▶ To do:
Look through the data that follows and copy each line with the string "mode".

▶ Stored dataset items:
Content starts

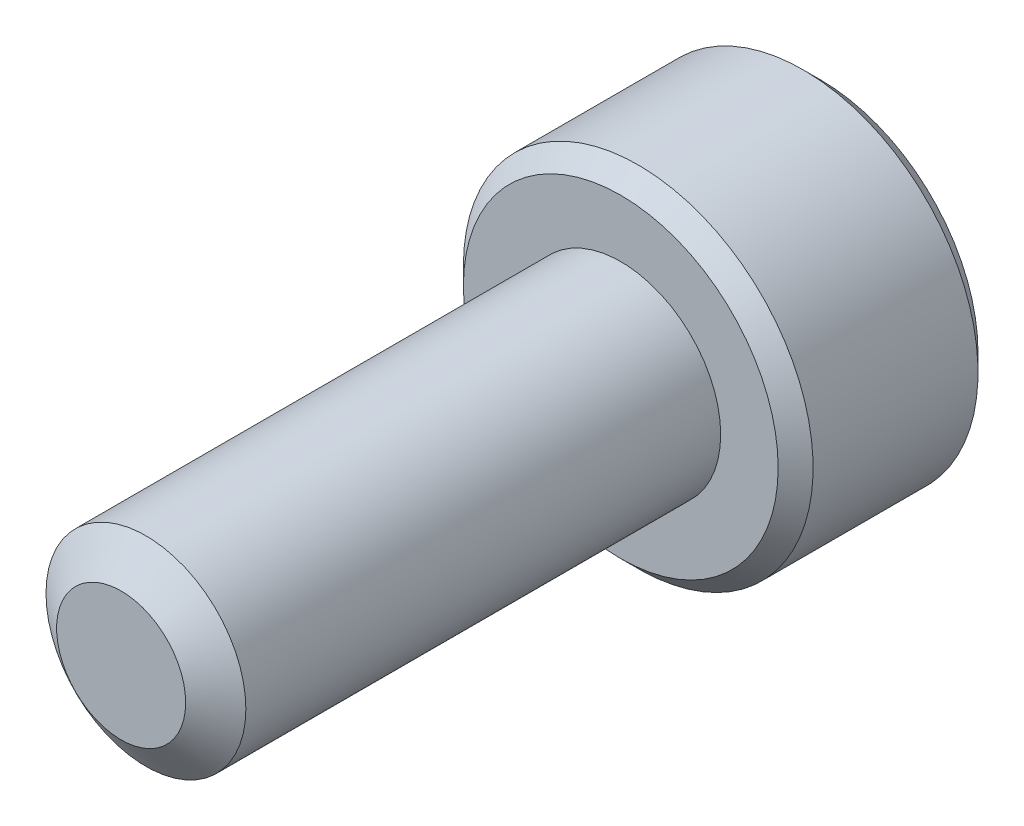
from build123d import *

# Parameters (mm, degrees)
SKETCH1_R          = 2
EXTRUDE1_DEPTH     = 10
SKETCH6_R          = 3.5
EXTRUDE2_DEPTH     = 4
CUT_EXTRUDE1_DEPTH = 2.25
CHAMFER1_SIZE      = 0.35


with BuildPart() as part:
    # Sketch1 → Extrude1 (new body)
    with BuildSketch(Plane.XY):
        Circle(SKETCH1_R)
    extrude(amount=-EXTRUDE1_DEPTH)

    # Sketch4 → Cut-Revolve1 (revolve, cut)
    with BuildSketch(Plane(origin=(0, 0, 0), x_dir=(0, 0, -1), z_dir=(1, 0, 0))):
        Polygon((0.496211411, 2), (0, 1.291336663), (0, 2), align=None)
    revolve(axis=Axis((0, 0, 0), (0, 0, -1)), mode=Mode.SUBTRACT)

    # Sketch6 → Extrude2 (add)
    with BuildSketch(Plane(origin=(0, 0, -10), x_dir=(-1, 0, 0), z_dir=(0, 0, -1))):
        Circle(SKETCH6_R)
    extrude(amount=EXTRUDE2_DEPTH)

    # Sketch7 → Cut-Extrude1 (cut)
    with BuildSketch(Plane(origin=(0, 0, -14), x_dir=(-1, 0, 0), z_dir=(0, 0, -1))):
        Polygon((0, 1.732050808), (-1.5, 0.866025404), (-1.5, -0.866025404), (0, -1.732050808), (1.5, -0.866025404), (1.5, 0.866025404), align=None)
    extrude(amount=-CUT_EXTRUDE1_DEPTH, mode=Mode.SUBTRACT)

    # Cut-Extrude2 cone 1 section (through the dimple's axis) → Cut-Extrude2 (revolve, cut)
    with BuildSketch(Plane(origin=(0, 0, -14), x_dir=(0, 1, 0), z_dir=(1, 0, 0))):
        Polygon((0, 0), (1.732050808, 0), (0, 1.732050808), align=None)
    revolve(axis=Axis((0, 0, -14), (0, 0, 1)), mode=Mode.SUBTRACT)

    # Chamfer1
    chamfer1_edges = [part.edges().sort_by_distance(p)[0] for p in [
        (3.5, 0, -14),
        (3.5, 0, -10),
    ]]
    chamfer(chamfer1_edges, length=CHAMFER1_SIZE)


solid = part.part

Content ends

▶ Task output:
    revolve(axis=Axis((0, 0, 0), (0, 0, -1)), mode=Mode.SUBTRACT)
    extrude(amount=-CUT_EXTRUDE1_DEPTH, mode=Mode.SUBTRACT)
    revolve(axis=Axis((0, 0, -14), (0, 0, 1)), mode=Mode.SUBTRACT)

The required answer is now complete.